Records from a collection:

━━━━━━━━━━━━━━━━

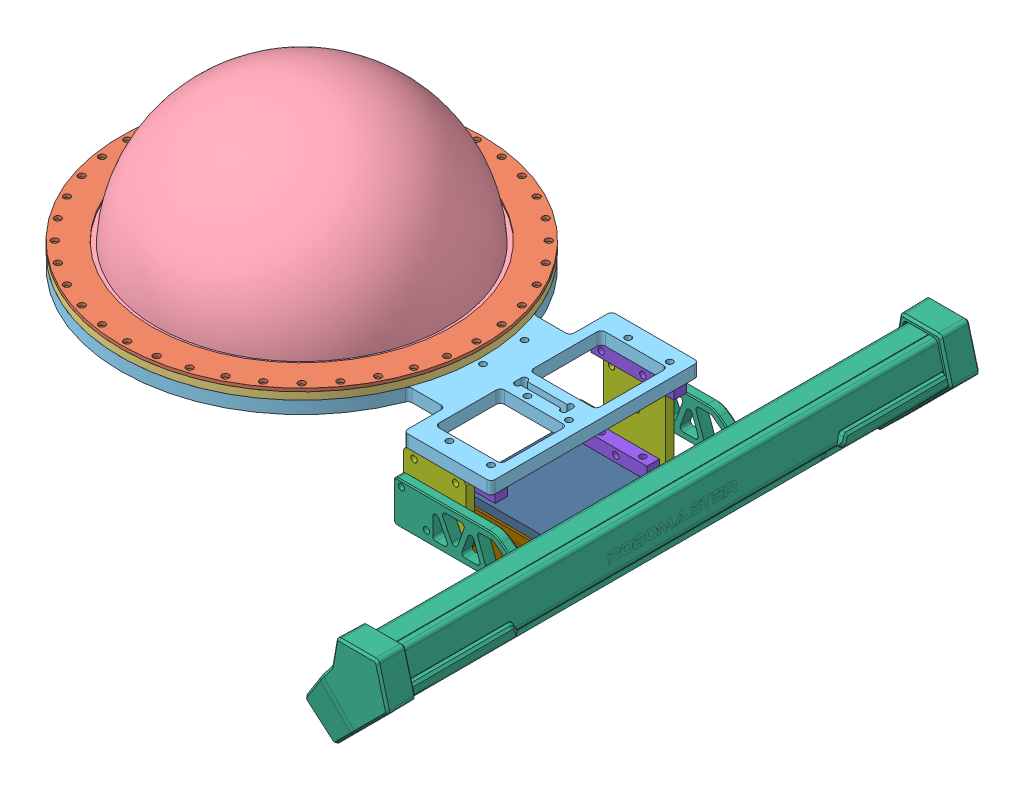
SolidWorks assembly MID-360模块, configuration 默认. Lengths in mm.
Overall size (293.47 159.5 285.15).
14 component instances, 11 part files, 41 mates.
Components (placement in the parent):
- pc球壳-1: pc球壳 [默认] at origin size (187 95 187) (hidden)
- mid-360-asm-1: mid-360-asm [默认] at (0 20.9171 0) size (72.74 69.72 66.83)
- pc球壳扣板-1: pc球壳扣板 [默认] x (0 0 -1) z (0 -1 0) size (174 174 1.5)
- pc球壳外挡圈-1: pc球壳外挡圈 [默认] at (0 -5 0) x (0.309017 0 -0.951057) z (0 1 0) size (174 174 3.5)
- 半球保护-100mm-1: 半球保护-100mm [默认] at (0 -5 0) x (0.993505 0 0.113788) z (0.113788 0 -0.993505) size (160 70 160)
- 360安装板-1: 360安装板 [默认] at (0 -5 0) x (1 0 0) z (0 -1 0) size (228 174 6)
- RM2019裁判系统灯条模块LI01-1: RM2019裁判系统灯条模块LI01 [默认] at (139.0893 -65.2494 -118.7555) x (0 0 -1) z (0 -1 0) size (285.15 84.96 50.25)
- 灯条安装板-1: 灯条安装板 [灯条安装] at (114 -26 48) size (30 30 4)
- 转接件上交-1: 转接件上交 [默认] at (99 -11 46) x (0 -1 0) z (1 0 0) size (6 6 40)
- 转接件上交-2: 转接件上交 [默认] at (99 -11 -40) x (0 -1 0) z (1 0 0) size (6 6 40)
- 灯条安装板-2: 灯条安装板 [uwb支撑] at (114 -26 -48) size (46 50 4)
- RM2019裁判系统定位模块UW01-1: RM2019裁判系统定位模块UW01 [默认] at (26.217 -93.7493 -13.6897) x (1 0 0) z (0 0 -1) size (45.56 33.5 81.86)
- uwb安装板-1: uwb安装板 [默认] at (106 -57 -19) x (1 0 0) z (0 -1 0) size (46 54 4)
- 转接件上交-3: 转接件上交 [默认] at (86 -51 -40) x (0 -1 0) z (1 0 0) size (6 6 40)
Mates (geometry in assembly coordinates):
- 同心1: concentric aligned: cylinder of pc球壳-1 through (0 0 0) axis (0 -1 0) radius 93.5; cylinder of pc球壳外挡圈-1 through (0 -1.5 0) axis (0 -1 0) radius 81
- 同心2: concentric anti-aligned: cylinder of pc球壳扣板-1 through (0 -1.5 0) axis (0 1 0) radius 72; cylinder of pc球壳外挡圈-1 through (0 -1.5 0) axis (0 -1 0) radius 87
- 重合3: coincident aligned: plane of mid-360-asm-1 through (0 -5 0) normal (0 -1 0); plane of pc球壳外挡圈-1 through (0 -5 0) normal (0 -1 0)
- 对称1: symmetric aligned: plane of mid-360-asm-1 through (-32.1003 8.6891 0) normal (0.999391 -0.034899 0); plane of mid-360-asm-1 through (32.1003 8.6891 0) normal (-0.999391 -0.034899 0)
- 对称2: symmetric aligned: plane of mid-360-asm-1 through (0 -3.0251 32.338) normal (0 -0.034899 0.999391); plane of mid-360-asm-1 through (0 -3.0251 -32.338) normal (0 -0.034899 -0.999391)
- 同心3: concentric: cylinder of pc球壳扣板-1 through (34.9459 9.0619 -73.0738) axis (0 1 0) radius 1.6; cylinder of pc球壳外挡圈-1 through (48.7107 3.5 -85.6126) axis (0 -1 0) radius 1.6
- 同心68: concentric: cylinder of pc球壳外挡圈-1 through (0 -1.5 0) axis (0 -1 0) radius 87; sphere of 半球保护-100mm-1
- 重合75: coincident aligned: plane of mid-360-asm-1 through (0 -5 0) normal (0 -1 0); plane of 半球保护-100mm-1 through (0 -5 0) normal (0 -1 0)
- 重合76: coincident anti-aligned: plane of pc球壳扣板-1 through (0 -1.5 0) normal (0 -1 0); plane of pc球壳外挡圈-1 through (0 -1.5 0) normal (0 1 0)
- 同心69: concentric anti-aligned: cylinder of pc球壳扣板-1 through (13.1405 -1.5 -82.9658) axis (0 1 0) radius 1.6; cylinder of pc球壳外挡圈-1 through (13.1405 -1.5 -82.9658) axis (0 -1 0) radius 1.6
- 重合77: coincident anti-aligned: plane of mid-360-asm-1 through (0 -5 0) normal (0 -1 0); plane of 360安装板-1 through (0 -5 0) normal (0 1 0)
- 同心70: concentric anti-aligned: cylinder of mid-360-asm-1 through (24 0.096 18) axis (0 -1 0) radius 1.25; cylinder of 360安装板-1 through (24 -11 18) axis (0 1 0) radius 1.55
- 同心71: concentric aligned: cone of mid-360-asm-1 through (24 -5 -18) axis (0 1 0); cylinder of 360安装板-1 through (24 -11 -18) axis (0 1 0) radius 1.55
- 平行1: parallel aligned: plane of 360安装板-1 through (0 -5 0) normal (0 1 0); plane of RM2019裁判系统灯条模块LI01-1 through (101 -21 54.5) normal (0 1 0)
- 宽度1: width aligned: plane of RM2019裁判系统灯条模块LI01-1 through (99.5 -43.8936 55) normal (0 0 1); plane of RM2019裁判系统灯条模块LI01-1 through (99.8 -43.8936 -55) normal (0 0 -1); plane of 360安装板-1 through (137 -117.9766 50) normal (0 0 1); plane of 360安装板-1 through (137 -117.9766 -50) normal (0 0 -1)
- 重合78: coincident anti-aligned: plane of RM2019裁判系统灯条模块LI01-1 through (99.8 -43.8936 50) normal (0 0 -1); plane of 灯条安装板-1 through (114 -26 50) normal (0 0 1)
- 重合79: coincident anti-aligned: plane of 360安装板-1 through (0 -11 0) normal (0 -1 0); plane of 灯条安装板-1 through (99 -11 50) normal (0 1 0)
- 重合80: coincident aligned: plane of pc球壳扣板-1 through (0 0 0) normal (1 0 0)
- 重合81: coincident anti-aligned: plane of pc球壳扣板-1 through (0 0 0) normal (0 -1 0)
- 重合82: coincident anti-aligned: plane of pc球壳扣板-1 through (0 0 0) normal (0 0 -1)
- 重合83: coincident aligned: plane of RM2019裁判系统灯条模块LI01-1 through (138 -41 54.5) normal (0 -1 0); plane of 灯条安装板-1 through (99 -41 50) normal (0 -1 0)
- 重合84: coincident aligned: plane of RM2019裁判系统灯条模块LI01-1 through (99 -39 54.5) normal (-1 0 0); plane of 灯条安装板-1 through (99 -41 50) normal (-1 0 0)
- 重合87: coincident anti-aligned: plane of 灯条安装板-1 through (114 -26 46) normal (0 0 -1); plane of 转接件上交-1 through (139 -11 46) normal (0 0 1)
- 重合88: coincident aligned: plane of 灯条安装板-1 through (99 -41 50) normal (-1 0 0); plane of 转接件上交-1 through (99 -11 46) normal (-1 0 0)
- 重合89: coincident anti-aligned: plane of 360安装板-1 through (0 -11 0) normal (0 -1 0); plane of 转接件上交-1 through (139 -11 46) normal (0 1 0)
- 重合90: coincident aligned: plane of 360安装板-1 through (99 -117.9766 -50) normal (-1 0 0); plane of 灯条安装板-1 through (99 -41 50) normal (-1 0 0)
- 重合91: coincident anti-aligned: plane of 转接件上交-2 through (139 -11 -46) normal (0 0 -1); plane of 灯条安装板-2 through (114 -26 -46) normal (0 0 1)
- 重合92: coincident anti-aligned: plane of RM2019裁判系统灯条模块LI01-1 through (99.5 -43.8936 -50) normal (0 0 1); plane of 灯条安装板-2 through (114 -26 -50) normal (0 0 -1)
- 重合93: coincident anti-aligned: plane of 360安装板-1 through (0 -11 0) normal (0 -1 0); plane of 转接件上交-2 through (139 -11 -40) normal (0 1 0)
- 重合94: coincident aligned: plane of 360安装板-1 through (99 -117.9766 -50) normal (-1 0 0); plane of 灯条安装板-2 through (99 -41 -46) normal (-1 0 0)
- 重合95: coincident anti-aligned: plane of 360安装板-1 through (0 -11 0) normal (0 -1 0); plane of 灯条安装板-2 through (99 -11 -46) normal (0 1 0)
- 重合96: coincident aligned: plane of 转接件上交-2 through (99 -11 -40) normal (-1 0 0); plane of 灯条安装板-2 through (99 -41 -46) normal (-1 0 0)
- 重合97: coincident anti-aligned: plane of 灯条安装板-2 through (99 -61 -86.0555) normal (0 -1 0); plane of RM2019裁判系统定位模块UW01-1 through (106 -61 -13.6897) normal (0 1 0)
- 平行3: parallel aligned: plane of 灯条安装板-2 through (83 -61 -70) normal (-1 0 0); plane of RM2019裁判系统定位模块UW01-1 through (83.25 -129.3467 -31.1897) normal (-1 0 0)
- 重合98: coincident anti-aligned: plane of RM2019裁判系统定位模块UW01-1 through (106 -61 -13.6897) normal (0 1 0); plane of uwb安装板-1 through (106 -61 -19) normal (0 -1 0)
- 重合99: coincident anti-aligned: plane of 灯条安装板-2 through (114 -26 -46) normal (0 0 1); plane of uwb安装板-1 through (83 -61 -46) normal (0 0 -1)
- 重合100: coincident aligned: plane of 灯条安装板-2 through (129 -41 -46) normal (1 0 0); plane of uwb安装板-1 through (129 -61 -46) normal (1 0 0)
- 重合101: coincident anti-aligned: plane of 灯条安装板-2 through (114 -26 -46) normal (0 0 1); plane of 转接件上交-3 through (126 -51 -46) normal (0 0 -1)
- 重合102: coincident anti-aligned: plane of uwb安装板-1 through (106 -57 -19) normal (0 1 0); plane of 转接件上交-3 through (126 -57 -40) normal (0 -1 0)
- 宽度2: width aligned: plane of 灯条安装板-2 through (83 -61 -70) normal (-1 0 0); plane of 转接件上交-3 through (129 -41 -46) normal (1 0 0); plane of 灯条安装板-2 through (86 -51 -40) normal (-1 0 0); plane of 转接件上交-3 through (126 -51 -40) normal (1 0 0)
- 宽度3: width aligned: plane of RM2019裁判系统定位模块UW01-1 through (83.25 -129.3467 -31.1897) normal (-1 0 0); plane of uwb安装板-1 through (128.75 -129.3467 3.8103) normal (1 0 0); plane of RM2019裁判系统定位模块UW01-1 through (83 -61 -46) normal (-1 0 0); plane of uwb安装板-1 through (129 -61 -46) normal (1 0 0)
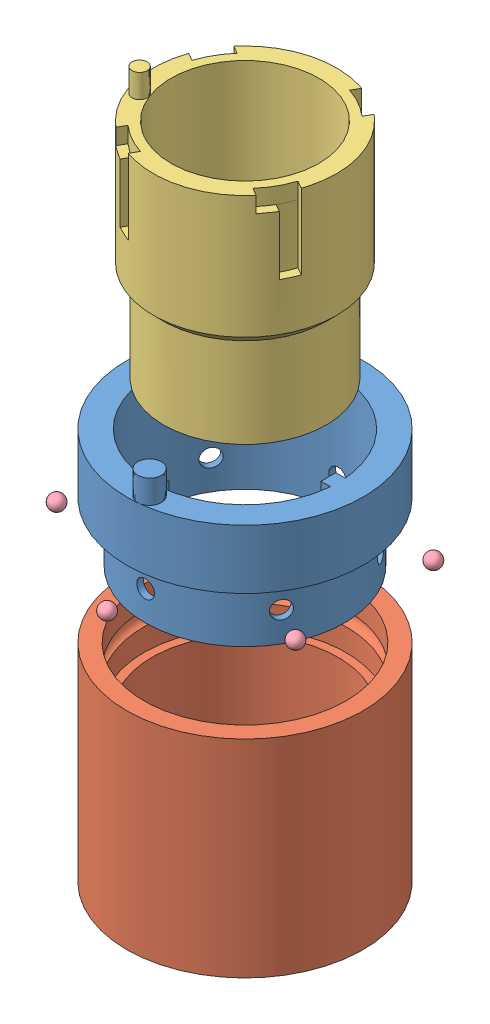
SolidWorks assembly proto for capstone, configuration Default. Lengths in mm.
Overall size (142.79 293.21 142.79).
9 component instances, 4 part files, 8 mates.
Components (placement in the parent):
- inner ring Rocket Shute deployment-1: inner ring Rocket Shute deployment [Default] at (-29.1326 56.5371 45.0188) size (101.6 60.96 101.6)
- outer ring rocket shute deployment-1: outer ring rocket shute deployment [Default] at (-68.8271 -23.0187 25.9203) x (0.624045 0 0.781388) z (-0.781388 0 0.624045) size (101.6 88.9 101.6)
- keeper ring2-1: keeper ring2 [Default] at (-29.1326 176.9742 -5.7812) x (0.869099 0 0.494637) z (0.494637 0 -0.869099) size (78.74 105.92 78.74)
- ball baring-1: ball baring [Default] at (-97.0039 24.1671 17.7823) x (0.893194 -0.308978 0.326705) z (-0.097258 -0.842089 -0.530497) size (6.35 6.35 6.35)
- ball baring-2: ball baring [Default] at (-17.1341 31.6809 58.4178) x (-0.647001 -0.71415 -0.26717) z (0.709702 -0.435926 -0.553436) size (6.35 6.35 6.35)
- ball baring-3: ball baring [Default] at (8.9899 22.5169 36.2278) x (0.710957 -0.219993 -0.667939) z (0.620191 0.643901 0.448057) size (6.35 6.35 6.35)
- ball baring-4: ball baring [Default] at (-40.1879 9.4958 -53.1199) x (0.596136 0.482145 -0.641995) z (0.577218 -0.813165 -0.074709) size (6.35 6.35 6.35)
- ball baring-5: ball baring [Default] at (-79.3152 13.1679 -53.1483) x (-0.060639 0.284136 0.956864) z (-0.966136 0.224166 -0.127792) size (6.35 6.35 6.35)
- ball baring-6: ball baring [Default] at (31.2188 21.1128 -19.4362) x (-0.487698 -0.14428 -0.861007) z (0.872896 -0.064521 -0.483621) size (6.35 6.35 6.35)
Mates (geometry in assembly coordinates):
- Concentric4: concentric: cylinder of keeper ring2-1 through (-29.1326 75.3742 -5.7812) axis (0 1 0) radius 39.37; cylinder of inner ring Rocket Shute deployment-1 through (-29.1326 56.5371 -5.7812) axis (0 -1 0) radius 40.005
- Concentric5: concentric: cylinder of inner ring Rocket Shute deployment-1 through (-29.1326 81.2055 -5.7812) axis (0 1 0) radius 42.8625; cylinder of outer ring rocket shute deployment-1 through (-29.1326 -51.332 -5.7812) axis (0 1 0) radius 43.434
- Concentric6: concentric: cylinder of inner ring Rocket Shute deployment-1 through (-57.155 18.4371 10.3975) axis (-0.866025 0 0.5) radius 3.81; sphere of ball baring-1
- Concentric7: concentric: cylinder of inner ring Rocket Shute deployment-1 through (-29.1326 18.4371 26.5762) axis (0 0 1) radius 3.81; sphere of ball baring-2
- Concentric8: concentric: cylinder of inner ring Rocket Shute deployment-1 through (-1.1102 18.4371 10.3975) axis (0.866025 0 0.5) radius 3.81; sphere of ball baring-3
- Concentric9: concentric: cylinder of inner ring Rocket Shute deployment-1 through (-1.1102 18.4371 -21.96) axis (0.866025 0 -0.5) radius 3.81; sphere of ball baring-6
- Concentric10: concentric: cylinder of inner ring Rocket Shute deployment-1 through (-29.1326 18.4371 -38.1387) axis (0 0 -1) radius 3.81; sphere of ball baring-4
- Concentric11: concentric: cylinder of inner ring Rocket Shute deployment-1 through (-57.155 18.4371 -21.96) axis (-0.866025 0 -0.5) radius 3.81; sphere of ball baring-5

━━━━━━━━━━━━━━━━

→ **TASK GOAL**:
Return exactly, and only, the lines above starting at the line that contains "- 同心1: concentric" and ending at the line that contains "- 重合76: coincident".

→ **ANSWER TO THE PROBLEM**:
- 同心1: concentric aligned: cylinder of pc球壳-1 through (0 0 0) axis (0 -1 0) radius 93.5; cylinder of pc球壳外挡圈-1 through (0 -1.5 0) axis (0 -1 0) radius 81
- 同心2: concentric anti-aligned: cylinder of pc球壳扣板-1 through (0 -1.5 0) axis (0 1 0) radius 72; cylinder of pc球壳外挡圈-1 through (0 -1.5 0) axis (0 -1 0) radius 87
- 重合3: coincident aligned: plane of mid-360-asm-1 through (0 -5 0) normal (0 -1 0); plane of pc球壳外挡圈-1 through (0 -5 0) normal (0 -1 0)
- 对称1: symmetric aligned: plane of mid-360-asm-1 through (-32.1003 8.6891 0) normal (0.999391 -0.034899 0); plane of mid-360-asm-1 through (32.1003 8.6891 0) normal (-0.999391 -0.034899 0)
- 对称2: symmetric aligned: plane of mid-360-asm-1 through (0 -3.0251 32.338) normal (0 -0.034899 0.999391); plane of mid-360-asm-1 through (0 -3.0251 -32.338) normal (0 -0.034899 -0.999391)
- 同心3: concentric: cylinder of pc球壳扣板-1 through (34.9459 9.0619 -73.0738) axis (0 1 0) radius 1.6; cylinder of pc球壳外挡圈-1 through (48.7107 3.5 -85.6126) axis (0 -1 0) radius 1.6
- 同心68: concentric: cylinder of pc球壳外挡圈-1 through (0 -1.5 0) axis (0 -1 0) radius 87; sphere of 半球保护-100mm-1
- 重合75: coincident aligned: plane of mid-360-asm-1 through (0 -5 0) normal (0 -1 0); plane of 半球保护-100mm-1 through (0 -5 0) normal (0 -1 0)
- 重合76: coincident anti-aligned: plane of pc球壳扣板-1 through (0 -1.5 0) normal (0 -1 0); plane of pc球壳外挡圈-1 through (0 -1.5 0) normal (0 1 0)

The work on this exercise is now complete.